You think running the galaxy is that easy?
Imagine infinite space, infinite possibilities and then trying to guide a race through it renowned for their free will and the ability to do incredibly stupid things.
I think he's done a pretty good job so far.
We are after all, still alive and very kicking.


----------



## Unknown Primarch (Feb 25, 2008)

its more like if it wasnt for guilleman then we would be fucked by now. another mistake was the emperor teleporting up to horus when surely he knew the other loyalist were on the way seeing as malcador could communicate over vast distance in space. if he had just waited he could have had everything rapped up and still be alive unless he know that he would lose the following of humanity if he was mobile and when chaos was attacking he couldnt be the all mighty saviour he was supposed to be. maybe he saw the best way was for him to be interned in the golden throne and just let people have faith he was doing something when he possibly wasnt.


----------



## Khorne's Fist (Jul 18, 2008)

Unknown Primarch said:


> maybe he saw the best way was for him to be interned in the golden throne and just let people have faith he was doing something when he possibly wasnt.


He is doing something. He's keeping the warp gate under the golden throne shut. He was doing this before he fought Horus and was going to have to return to it whether he was wounded or not.


----------



## The Thunder Ravens (Jul 7, 2008)

I remember reading some fluff awhile ago about the emperor in the final stages of the siege of the imperial palace, it was from his point of view. and as chunks of masonry reigned down and the expectant eyes of the remaining defenders and the primarchs who fought at his side looked to him, all he was thinking was "we're fucked" he couldn't see the future at that point for all his mighty psychic powers and he was fully expecting the end of all things to be knocking on his door within the next 20 minutes or so. for all his thousands of years existence he never came up with a decent plan for this moment and in the end the imperium turned into the exact opposite of what he had planned. He wanted a secular galaxy free from the worship of gods and superstition, but what is the 40k galaxy riddled with?. The Emperor failed as he is the object of worship for teeming billions.

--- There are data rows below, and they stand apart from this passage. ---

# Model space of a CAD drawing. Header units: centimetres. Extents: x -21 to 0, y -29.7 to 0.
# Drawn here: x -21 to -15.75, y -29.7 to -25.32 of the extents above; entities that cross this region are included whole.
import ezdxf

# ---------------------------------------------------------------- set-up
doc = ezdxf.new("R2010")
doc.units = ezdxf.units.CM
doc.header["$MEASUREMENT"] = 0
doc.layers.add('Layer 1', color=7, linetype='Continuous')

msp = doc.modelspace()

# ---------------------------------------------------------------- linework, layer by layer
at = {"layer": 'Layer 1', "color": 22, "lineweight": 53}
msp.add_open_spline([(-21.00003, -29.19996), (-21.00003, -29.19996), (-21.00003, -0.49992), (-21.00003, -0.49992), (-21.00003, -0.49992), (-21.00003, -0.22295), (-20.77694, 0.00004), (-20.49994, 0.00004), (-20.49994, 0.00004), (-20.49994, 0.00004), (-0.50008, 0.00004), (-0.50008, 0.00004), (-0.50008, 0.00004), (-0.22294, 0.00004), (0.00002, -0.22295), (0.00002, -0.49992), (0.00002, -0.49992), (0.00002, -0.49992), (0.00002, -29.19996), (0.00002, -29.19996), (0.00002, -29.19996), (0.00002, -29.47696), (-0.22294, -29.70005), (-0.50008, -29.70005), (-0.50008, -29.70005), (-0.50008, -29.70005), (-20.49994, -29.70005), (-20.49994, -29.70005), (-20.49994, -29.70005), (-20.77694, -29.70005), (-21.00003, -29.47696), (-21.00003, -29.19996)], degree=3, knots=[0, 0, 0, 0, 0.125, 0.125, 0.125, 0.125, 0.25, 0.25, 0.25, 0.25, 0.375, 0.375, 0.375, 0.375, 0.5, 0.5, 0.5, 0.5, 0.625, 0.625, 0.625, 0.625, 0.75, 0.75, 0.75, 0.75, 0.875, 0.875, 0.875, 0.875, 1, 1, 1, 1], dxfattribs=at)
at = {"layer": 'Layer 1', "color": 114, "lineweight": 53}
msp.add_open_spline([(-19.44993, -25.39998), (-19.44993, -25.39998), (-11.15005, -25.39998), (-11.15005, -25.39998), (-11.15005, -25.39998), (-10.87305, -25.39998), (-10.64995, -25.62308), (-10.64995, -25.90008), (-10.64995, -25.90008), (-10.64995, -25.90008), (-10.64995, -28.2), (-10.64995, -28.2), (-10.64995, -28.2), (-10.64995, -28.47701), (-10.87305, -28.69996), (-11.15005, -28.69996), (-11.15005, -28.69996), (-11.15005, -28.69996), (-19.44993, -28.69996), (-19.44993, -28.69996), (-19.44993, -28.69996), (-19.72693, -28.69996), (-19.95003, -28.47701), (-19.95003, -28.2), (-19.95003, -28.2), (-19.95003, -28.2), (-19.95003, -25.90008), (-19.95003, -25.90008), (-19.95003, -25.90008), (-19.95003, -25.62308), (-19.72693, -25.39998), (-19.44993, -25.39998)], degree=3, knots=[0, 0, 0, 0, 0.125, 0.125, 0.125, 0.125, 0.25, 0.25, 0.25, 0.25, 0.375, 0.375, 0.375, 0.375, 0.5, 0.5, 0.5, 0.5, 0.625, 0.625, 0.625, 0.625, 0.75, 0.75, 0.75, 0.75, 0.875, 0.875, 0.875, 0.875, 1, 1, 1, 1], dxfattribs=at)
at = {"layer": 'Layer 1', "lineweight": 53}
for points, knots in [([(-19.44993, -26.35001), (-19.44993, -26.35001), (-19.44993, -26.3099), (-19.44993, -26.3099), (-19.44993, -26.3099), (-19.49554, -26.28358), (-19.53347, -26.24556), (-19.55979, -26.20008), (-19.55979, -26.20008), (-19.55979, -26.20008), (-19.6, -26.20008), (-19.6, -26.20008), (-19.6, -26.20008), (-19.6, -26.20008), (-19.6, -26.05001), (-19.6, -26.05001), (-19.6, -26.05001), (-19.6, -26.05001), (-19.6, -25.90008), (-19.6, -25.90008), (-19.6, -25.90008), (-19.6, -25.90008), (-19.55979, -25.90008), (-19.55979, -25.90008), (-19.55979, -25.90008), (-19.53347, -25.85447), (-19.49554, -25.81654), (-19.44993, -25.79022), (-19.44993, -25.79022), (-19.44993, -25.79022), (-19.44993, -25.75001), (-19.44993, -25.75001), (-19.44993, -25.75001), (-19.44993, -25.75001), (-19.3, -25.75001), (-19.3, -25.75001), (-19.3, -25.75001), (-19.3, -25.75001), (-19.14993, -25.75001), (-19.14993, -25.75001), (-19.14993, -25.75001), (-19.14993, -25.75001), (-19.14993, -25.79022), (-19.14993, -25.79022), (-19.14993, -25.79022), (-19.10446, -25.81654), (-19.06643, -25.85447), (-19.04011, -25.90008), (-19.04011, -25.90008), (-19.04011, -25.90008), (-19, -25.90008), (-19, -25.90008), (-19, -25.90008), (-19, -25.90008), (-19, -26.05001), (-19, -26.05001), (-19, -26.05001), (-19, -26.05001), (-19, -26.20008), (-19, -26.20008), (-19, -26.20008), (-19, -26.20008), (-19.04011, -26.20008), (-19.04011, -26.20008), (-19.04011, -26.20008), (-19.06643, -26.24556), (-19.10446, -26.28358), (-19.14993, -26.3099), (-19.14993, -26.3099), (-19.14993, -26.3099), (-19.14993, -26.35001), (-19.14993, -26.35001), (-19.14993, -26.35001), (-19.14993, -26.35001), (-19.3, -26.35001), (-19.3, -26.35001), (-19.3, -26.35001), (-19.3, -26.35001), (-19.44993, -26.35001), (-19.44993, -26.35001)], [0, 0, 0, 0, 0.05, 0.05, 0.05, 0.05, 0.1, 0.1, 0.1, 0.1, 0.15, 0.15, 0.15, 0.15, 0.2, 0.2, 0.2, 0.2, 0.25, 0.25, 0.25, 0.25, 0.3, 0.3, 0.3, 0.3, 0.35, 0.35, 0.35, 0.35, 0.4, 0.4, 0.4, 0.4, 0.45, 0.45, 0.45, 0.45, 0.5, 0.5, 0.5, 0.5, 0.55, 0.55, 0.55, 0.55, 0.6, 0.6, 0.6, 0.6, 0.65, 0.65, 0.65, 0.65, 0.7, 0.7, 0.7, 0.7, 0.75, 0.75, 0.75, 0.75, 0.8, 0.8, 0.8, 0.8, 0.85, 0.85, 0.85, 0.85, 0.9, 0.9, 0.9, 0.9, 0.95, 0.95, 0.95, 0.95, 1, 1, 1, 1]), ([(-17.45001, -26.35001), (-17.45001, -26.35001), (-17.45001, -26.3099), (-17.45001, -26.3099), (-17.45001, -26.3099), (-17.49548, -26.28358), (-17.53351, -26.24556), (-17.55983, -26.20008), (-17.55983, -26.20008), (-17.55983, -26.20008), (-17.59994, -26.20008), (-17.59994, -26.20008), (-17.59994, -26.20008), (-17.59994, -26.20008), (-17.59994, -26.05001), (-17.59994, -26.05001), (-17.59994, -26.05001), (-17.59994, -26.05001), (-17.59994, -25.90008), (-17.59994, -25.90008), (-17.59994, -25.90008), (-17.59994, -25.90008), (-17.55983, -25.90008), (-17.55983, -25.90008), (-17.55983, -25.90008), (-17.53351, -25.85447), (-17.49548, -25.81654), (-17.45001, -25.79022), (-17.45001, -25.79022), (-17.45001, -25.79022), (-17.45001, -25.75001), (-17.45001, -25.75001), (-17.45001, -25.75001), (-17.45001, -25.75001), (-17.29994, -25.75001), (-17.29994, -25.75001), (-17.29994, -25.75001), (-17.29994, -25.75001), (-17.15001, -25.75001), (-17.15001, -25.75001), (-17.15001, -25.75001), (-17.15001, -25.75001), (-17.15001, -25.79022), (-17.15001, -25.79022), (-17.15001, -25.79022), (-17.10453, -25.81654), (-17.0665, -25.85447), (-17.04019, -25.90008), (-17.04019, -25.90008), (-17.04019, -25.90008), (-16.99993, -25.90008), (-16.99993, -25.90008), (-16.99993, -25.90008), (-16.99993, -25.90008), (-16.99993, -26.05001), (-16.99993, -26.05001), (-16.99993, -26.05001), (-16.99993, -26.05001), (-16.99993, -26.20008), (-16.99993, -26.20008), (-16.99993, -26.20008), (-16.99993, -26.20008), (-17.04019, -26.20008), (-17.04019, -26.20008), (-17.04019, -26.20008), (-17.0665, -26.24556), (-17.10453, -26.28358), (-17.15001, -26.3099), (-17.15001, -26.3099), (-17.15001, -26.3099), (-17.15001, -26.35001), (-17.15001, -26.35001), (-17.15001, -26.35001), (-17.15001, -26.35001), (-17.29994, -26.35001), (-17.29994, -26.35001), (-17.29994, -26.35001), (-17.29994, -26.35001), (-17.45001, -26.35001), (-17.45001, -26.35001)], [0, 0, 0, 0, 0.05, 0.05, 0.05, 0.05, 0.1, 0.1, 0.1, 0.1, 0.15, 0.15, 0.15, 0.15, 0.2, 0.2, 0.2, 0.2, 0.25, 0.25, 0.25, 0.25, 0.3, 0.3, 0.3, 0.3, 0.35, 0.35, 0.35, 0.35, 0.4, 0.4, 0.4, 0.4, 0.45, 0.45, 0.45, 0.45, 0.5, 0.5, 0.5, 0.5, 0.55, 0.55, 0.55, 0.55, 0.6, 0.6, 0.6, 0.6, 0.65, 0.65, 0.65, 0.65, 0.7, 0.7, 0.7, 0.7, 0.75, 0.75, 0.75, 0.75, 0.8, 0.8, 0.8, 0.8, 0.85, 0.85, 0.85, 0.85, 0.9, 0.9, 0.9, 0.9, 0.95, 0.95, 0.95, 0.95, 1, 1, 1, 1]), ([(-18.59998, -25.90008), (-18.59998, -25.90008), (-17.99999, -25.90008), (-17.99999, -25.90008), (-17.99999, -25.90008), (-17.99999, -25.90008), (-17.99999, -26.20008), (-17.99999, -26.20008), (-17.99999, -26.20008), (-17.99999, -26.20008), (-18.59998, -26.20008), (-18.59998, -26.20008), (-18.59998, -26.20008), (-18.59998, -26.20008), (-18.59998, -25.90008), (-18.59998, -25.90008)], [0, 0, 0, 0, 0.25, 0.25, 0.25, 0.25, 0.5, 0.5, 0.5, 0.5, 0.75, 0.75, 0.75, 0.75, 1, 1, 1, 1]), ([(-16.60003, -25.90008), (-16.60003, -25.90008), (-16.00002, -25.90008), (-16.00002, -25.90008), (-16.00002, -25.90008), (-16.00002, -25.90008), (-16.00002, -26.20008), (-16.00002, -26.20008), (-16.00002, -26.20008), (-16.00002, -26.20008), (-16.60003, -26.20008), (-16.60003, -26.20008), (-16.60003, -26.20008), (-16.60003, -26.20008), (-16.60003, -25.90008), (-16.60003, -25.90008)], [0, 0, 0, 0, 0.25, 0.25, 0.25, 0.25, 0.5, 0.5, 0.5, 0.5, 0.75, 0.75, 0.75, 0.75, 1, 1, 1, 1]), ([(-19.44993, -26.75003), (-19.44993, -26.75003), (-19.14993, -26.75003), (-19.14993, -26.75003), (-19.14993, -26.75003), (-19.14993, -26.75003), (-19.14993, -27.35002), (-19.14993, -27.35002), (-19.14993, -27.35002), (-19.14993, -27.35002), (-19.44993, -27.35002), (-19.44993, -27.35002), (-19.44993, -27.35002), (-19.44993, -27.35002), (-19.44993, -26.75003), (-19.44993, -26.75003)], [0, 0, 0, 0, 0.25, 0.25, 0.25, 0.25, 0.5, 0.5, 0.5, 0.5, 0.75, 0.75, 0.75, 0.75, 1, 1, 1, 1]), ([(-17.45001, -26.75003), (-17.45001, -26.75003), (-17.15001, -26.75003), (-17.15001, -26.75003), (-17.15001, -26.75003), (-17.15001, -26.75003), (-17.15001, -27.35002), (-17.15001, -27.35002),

He knew of the threat of chaos and kept it secret and as a result left mankind open to it's taint, if he had made what he knew public then the Horus heresy may never have happened in the first place. All said and done the emperor was still human, mighty psyker and warrior is all fair enough but he was still human with human passions and emotion and as said elsewhere in this thread, free will, the ability to great acts of kindness but also make hideously large galaxy spanning mistakes.


----------



## Kendares (Sep 9, 2008)

how did the warp gate get there was it always there? i think it would have happened anyway. the chaos gods would still have persuaded horus through his ambition. it may have taken longer to get to there but i think the gods would have corupted him anyway it is only a matter of time.


----------



## Unknown Primarch (Feb 25, 2008)

its supposed to be a gateway into the webway so either the eldar made it or more likely it was the slann. they probably used it when they were creating humans before their fall. it was damaged somehow even before the empror found it so there another bit of fluff that will go unanswered.


----------



## Exitus_10 (Jul 14, 2008)

Humans werent created by the Slann, it is specifically stated...somewhere.... but i remember that they were al naturale.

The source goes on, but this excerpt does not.